AI also enhances fraud detection by leveraging image recognition. Computer vision plays a key role here, helping compare customer-uploaded photos of returned items against authentic product images to identify counterfeit or tampered goods. This can happen before the return is accepted or during returns processing, giving warehouse staff extra tools to verify legitimacy.
AI offers two key benefits here: efficiency and effectiveness. Quick verification and automated processing of refunds to high-value customers eliminate unnecessary manual checks, while technology like computer vision enables an effective reviewing process.
Dynamic returns routing across inventory networks
For a retailer running nationwide operations, stocking the ‘right amount’ of inventory across every warehouse is an ever-complex balancing act. Orders returning to inventory make this equation more complicated.
AI models help clear up the haze, routing returns based on factors like pricing, sell-through rates, and market demand in different regions. AI models can also manage inventory by identifying products needed to fulfill incoming orders. For example, a retailer selling running shoes might reroute inventory to a city hosting a marathon, where demand is expected to surge.
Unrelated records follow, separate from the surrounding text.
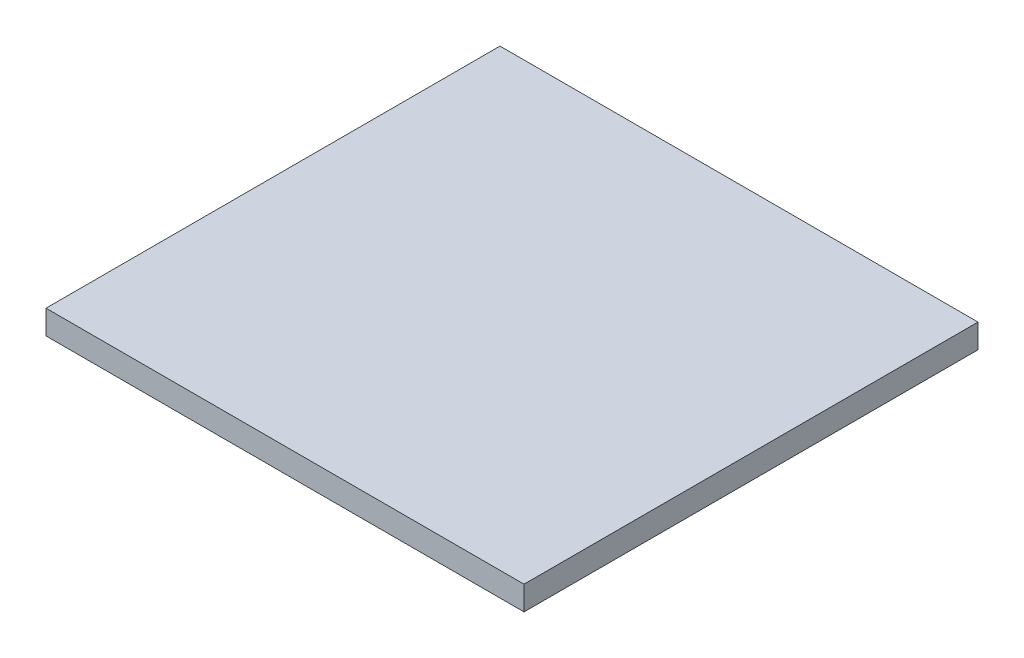
SolidWorks part; units mm, degrees
ref_plane "Alzado" through (0, 0, 0) normal (0, 0, 1) x (1, 0, 0)
ref_plane "Planta" through (0, 0, 0) normal (0, 1, 0) x (1, 0, 0)
ref_plane "Vista lateral" through (0, 0, 0) normal (1, 0, 0) x (0, 0, -1)
sketch "Croquis1" plane through (0, 0, 0) normal (0, 1, 0) x (1, 0, 0)
  line L1 (-179, 170) -> (179, 170)
  line L2 (-179, 170) -> (-179, -170)
  line L3 (-179, -170) -> (179, -170)
  line L4 (179, 170) -> (179, -170)
  line L5 (-179, 170) -> (179, -170) construction
  line L6 (-179, -170) -> (179, 170) construction
  point P0 (0, 0)
  dimension "D1" = 358
  dimension "D2" = 340
extrude "Saliente-Extruir1" add sketch "Croquis1" along normal blind 18
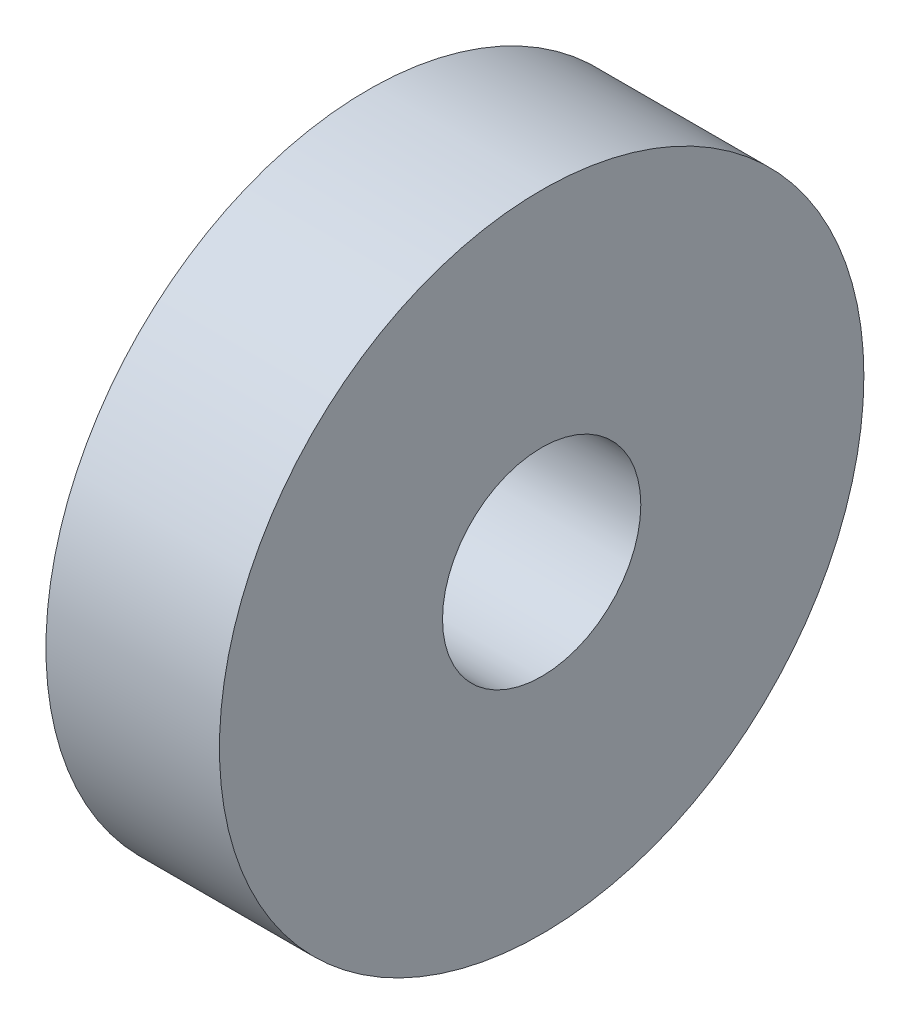
SolidWorks part; units mm, degrees
ref_plane "Спереди" through (0, 0, 0) normal (0, 0, 1) x (1, 0, 0)
ref_plane "Сверху" through (0, 0, 0) normal (0, 1, 0) x (1, 0, 0)
ref_plane "Справа" through (0, 0, 0) normal (1, 0, 0) x (0, 0, -1)
sketch "Эскиз1" plane through (0, 0, 0) normal (1, 0, 0) x (0, 0, -1)
  circle A0 centre (0, 0) radius 4
  circle A1 centre (0, 0) radius 13
extrude "Вытянуть1" add sketch "Эскиз1" against normal blind 7

In situations where the return is not economical, such as when a $10 T-shirt is in for return, AI can identify that it’s more cost-effective to credit the customer and have them keep or donate the item rather than going through the entire return process. This is also known as a beyond-economic return.
In the future, AI can also be expected to go beyond making linear decisions and predict future outcomes based on historical patterns, such as estimating when a returned product will be resold after being added to the inventory. This will help clarify restocking and product routing.
For example, if a retailer launches a new product that sees strong initial sales but is later met with a high rate of returns, AI can recognize this trend early and flag it as a potential misstep. Instead of restocking aggressively based on early sales figures, the system can recommend adjusting inventory levels or investigating the reasons behind the returns — a product defect, misleading marketing, or a mismatch with customer expectations, preventing overstocking and optimizing purchasing decisions.
Considering we are still in the nascent stages of AI, this technology will be leveraged more as it’s proven and tested. As AI evolves and proves its value, it will streamline returns, optimize inventory, and free up human efforts for more strategic, high-impact tasks — turning returns into a competitive advantage.